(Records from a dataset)
- - -

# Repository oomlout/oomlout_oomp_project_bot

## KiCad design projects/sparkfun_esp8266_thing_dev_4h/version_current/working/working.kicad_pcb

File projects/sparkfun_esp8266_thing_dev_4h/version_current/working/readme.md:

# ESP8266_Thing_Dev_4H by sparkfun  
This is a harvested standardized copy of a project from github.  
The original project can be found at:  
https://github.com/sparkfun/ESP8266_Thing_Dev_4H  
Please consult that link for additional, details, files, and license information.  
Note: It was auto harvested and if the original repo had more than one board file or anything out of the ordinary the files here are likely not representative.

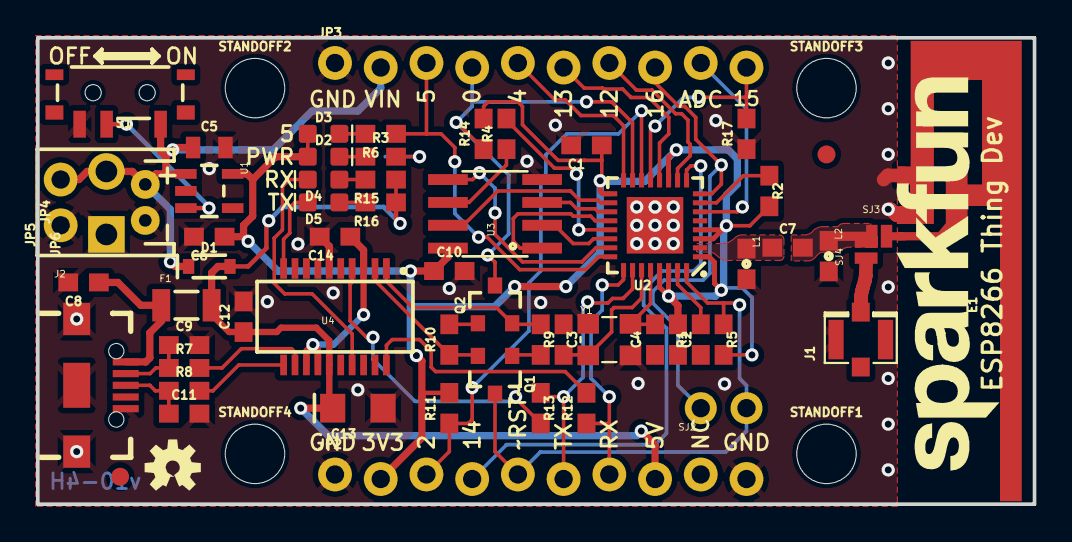
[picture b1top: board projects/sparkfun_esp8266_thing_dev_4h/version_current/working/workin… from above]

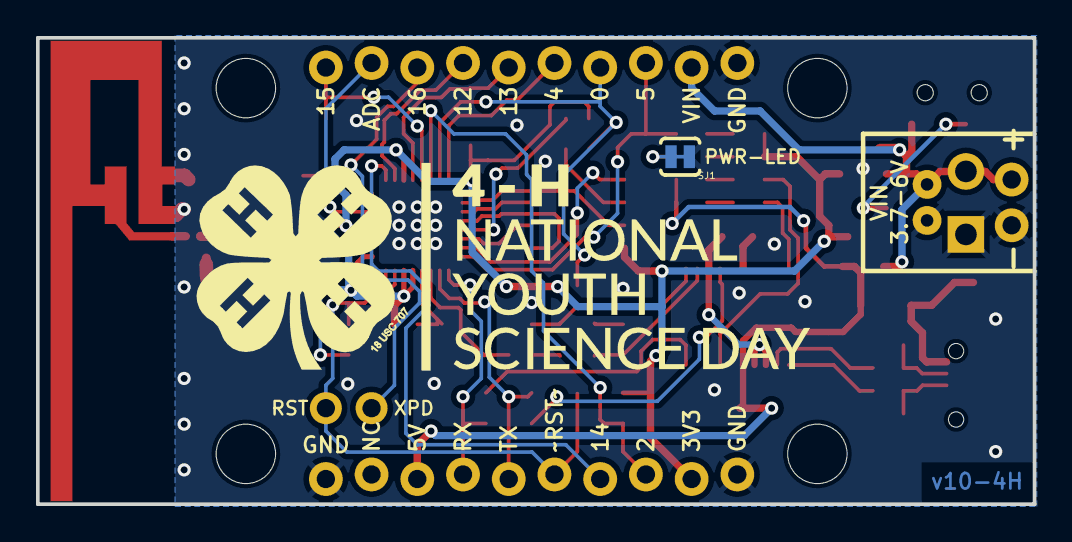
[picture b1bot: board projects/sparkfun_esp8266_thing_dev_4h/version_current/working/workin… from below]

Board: 2 copper layers, 55.4 x 25.9 mm, 70 parts (2 on the bottom side), 52 nets.

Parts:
C1: 10uF; 0603
C2, C8, C10, C12, C14: 0.1uF; 0603
C3, C4: 10pF; 0603
C5: 1.0uF; 0805
C6: 2.2uF; 0603
C7: 5.6PF; 0603
C9, C11: 47pF; 0603
C13: 10uF; EIA3216
D1: 1A/23V/620mV; SOD-323
D2: RED; LED-0603
D3: BLUE; LED-0603
D4: Yellow; LED-0603
D5: GREEN; LED-0603
E1: TRACE_ANTENNA_2.4GHZ_25.7MM
F1: 500mA; PTC-1206
FID1, FID2: FIDUCIAL1X2; FIDUCIAL-1X2
FRAME1: FRAME-LETTER; CREATIVE_COMMONS
J1: U.FL
J2: USB-B-MICRO-SMD_V03
JP2, JP3: 1X10_LOCK_NS
JP4: JST-2-PTH
JP5: 1X02_NO_SILK
JP6: SCREWTERMINAL-3.5MM-2-NS
L1, L2: DNP; 0603
LOGO1: SFE_LOGO_NAME.2_INCH; SFE_LOGO_NAME_.2
LOGO2: OSHW-LOGOS; OSHW-LOGO-S
Q1, Q2: 600mA/40V; SOT23-3
R1: 12k; 0603
R2, R5, R9, R10, R11, R14, R17: 10k; 0603
R3, R4, R6: 200; 0603
R7, R8: 27; 0603
R12, R13, R15, R16: 1k; 0603
S1: SWITCH_SPST_SMD_A
SJ1: PWRLED; PAD-JUMPER-2-NC_BY_TRACE_YES_SILK
SJ2: SLEEP-PTH; PTH-JUMPER-2-NO_NO_SILK
SJ3: TRACE; PAD-JUMPER-2-NC_BY_PASTE_NO_SILK
SJ4: U.FL; PAD-JUMPER-2-NO_NO_SILK
STANDOFF1, STANDOFF2, STANDOFF3, STANDOFF4: STAND-OFF
U1: AP2112K-3.3V; SOT23-5
U2: ESP8266; QFN32-5X5MM
U3: AT25SF041-SOIC8; SO08
U4: FTS31XS-U; SSOP20_L
U$1: 4H-NYSD-LOGO-1.35IN; 4H-1.35IN_WIDE
U$2: SPECIAL_INSTRUCTIONS-ORDERING; ORDERING_INSTRUCTIONS
Y1: 26MHz; CRYSTAL-SMD-3.2X2.5

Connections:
3.3V_F: C14.1, U4.3, U4.13, U4.14
ADC: JP3.9, U2.6
ANT: J1.P$3, SJ4.1
CHIP_EN: R2.1, U2.7
D+: C11.1, J2.D+, R8.1
D-: C9.1, J2.D-, R7.1
DTR: Q2.2, R9.1, U4.1
GND: C1.2, C2.2, C3.1, C4.1, C5.2, C6.2, C8.2, C9.2, C10.2, C11.2, C12.2, C13.-, C14.2, E1.GND, E1.GND2, J1.P$1, J1.P$2, J2.GND, J2.SHIELD1, J2.SHIELD2, J2.SHIELD3, JP2.1, JP2.10, JP3.1, JP4.1, JP5.1, JP6.1, L1.2, L2.2, R1.1, R17.1, S1.1, SJ1.1, U1.2, U2.EP, U3.4, U4.6, U4.16, Y1.2, Y1.4
GPIO0: JP3.4, Q2.3, R14.1, U2.15
GPIO2: JP2.3, R11.1, U2.14
GPIO4: JP3.5, U2.16
GPIO5: JP3.3, R6.1, U2.24
GPIO12: JP3.7, U2.10
GPIO13: JP3.6, U2.12
GPIO14: JP2.4, U2.9
GPIO15: JP3.10, R17.2, U2.13
GPIO16: JP3.8, SJ2.1, U2.8
LNA: C7.1, L1.1, U2.2
LNA2: C7.2, L2.1, SJ3.1, SJ4.2
unnamed: R1.2, U2.31
unnamed: C4.2, U2.28, Y1.3
unnamed: C3.2, U2.27, Y1.1
unnamed: R7.2, U4.12
unnamed: R3.2, SJ1.2
unnamed: Q1.1, R9.2
unnamed: R8.2, U4.11
unnamed: D5.A, R16.2
unnamed: D3.C, R6.2
unnamed: D4.A, R15.2
unnamed: D2.C, R3.1
unnamed: Q2.1, R10.2
unnamed: S1.2, U1.3
RESET: JP2.5, Q1.3, R5.1, SJ2.2, U2.32
RTS: Q1.2, R10.1, U4.2
RXD: R13.2, U4.4
RXLED: D4.C, U4.17
SD_CLK: R4.1, U3.6
SD_CLK0: R4.2, U2.21
SD_CS0: U2.20, U3.1
SD_SI: U2.23, U3.5
SD_SO: U2.22, U3.2
SD_~HD: U2.18, U3.7
SD_~WP: U2.19, U3.3
TRACE_ANT: E1.ANT, SJ3.2
TXD: R12.2, U4.20
TXLED: D5.C, U4.10
U0RXI: JP2.7, R12.1, U2.25
U0TXO: JP2.6, R13.1, U2.26
USBVCC: C12.1, C13.+, D1.A, F1.2, JP2.8, R15.1, R16.1, U4.15
VCC: C1.1, C2.1, C6.1, C10.1, D2.A, D3.A, JP2.2, R2.2, R5.2, R11.2, R14.2, U1.5, U2.1, U2.3, U2.4, U2.11, U2.17, U2.29, U2.30, U3.8
VIN: C5.1, D1.C, JP3.2, JP4.2, JP5.2, JP6.2, S1.3, U1.1
VUSB: C8.1, F1.1, J2.VBUS

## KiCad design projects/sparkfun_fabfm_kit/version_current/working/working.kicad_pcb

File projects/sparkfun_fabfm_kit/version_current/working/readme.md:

# OOMP Project  
## fabFM-Kit  by sparkfun  
  
oomp key: oomp_projects_flat_sparkfun_fabfm_kit  
(snippet of original readme)  
  
**NOTE:** *This product has been retired from our catalog. If you are looking for more up-to-date info, please check out some of these resources to see how other users are still hacking and improving on this product.*  
* *[SparkFun Forum](https://forum.sparkfun.com/)*  
* *[IRC Channel](https://www.sparkfun.com/news/263)*  
  
FabFM Radio Kit  
===============  
  
[    
*FabFM Radio Kit (KIT-11043)*](https://www.sparkfun.com/products/11043)  
  
The FabFM is a stylish FM radio kit that can be built with just basic soldering tools. The PCB is all PTH, meaning that even a beginner solderer can put this kit together with a little time. The wooden, laser cut frame doesn't take any tools or glue to put together, each part press-fits into another. Once assembled the FabFM Radio Kit produces a fully functioning, old-school style FM radio.  
  
[*See the wiki for assembly instuctions.*](https://github.com/sparkfun/fabFM-Kit/wiki)  
  
Repository Contents  
-------------------  
  
* **/enclosure** - Vector files for the enclosure  
* **/firmware** - Arduino sketch that is loaded onto the ATMega328  
* **/hardware** - Eagle PCB layout files  
  
License Information  
-------------------  
  
All contents of this repository are released under [Creative Commons Share-alike 3.0](http://creativecommons.org/licenses/by-sa/3.0/).  
  
Authors: Aaron Weiss @ SparkFun Electonics, Original Design by David Mellis and Dana Gordon  
  
  full source readme at [readme_src.md](readme_src.md)  
  
source repo at: [https://github.com/sparkfun/fabFM-Kit](https://github.com/sparkfun/fabFM-Kit)  
## Board  

## Schematic  

[schematic pdf](working_schematic.pdf)  
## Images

- - -

- _GOAL OF THE EXERCISE_: Begin at the first line of the records above and restate each line word for word, stopping after the line with "# ESP8266_Thing_Dev_4H by sparkfun".

- _ANSWER TO THIS EXERCISE_:
# Repository oomlout/oomlout_oomp_project_bot

## KiCad design projects/sparkfun_esp8266_thing_dev_4h/version_current/working/working.kicad_pcb

File projects/sparkfun_esp8266_thing_dev_4h/version_current/working/readme.md:

# ESP8266_Thing_Dev_4H by sparkfun  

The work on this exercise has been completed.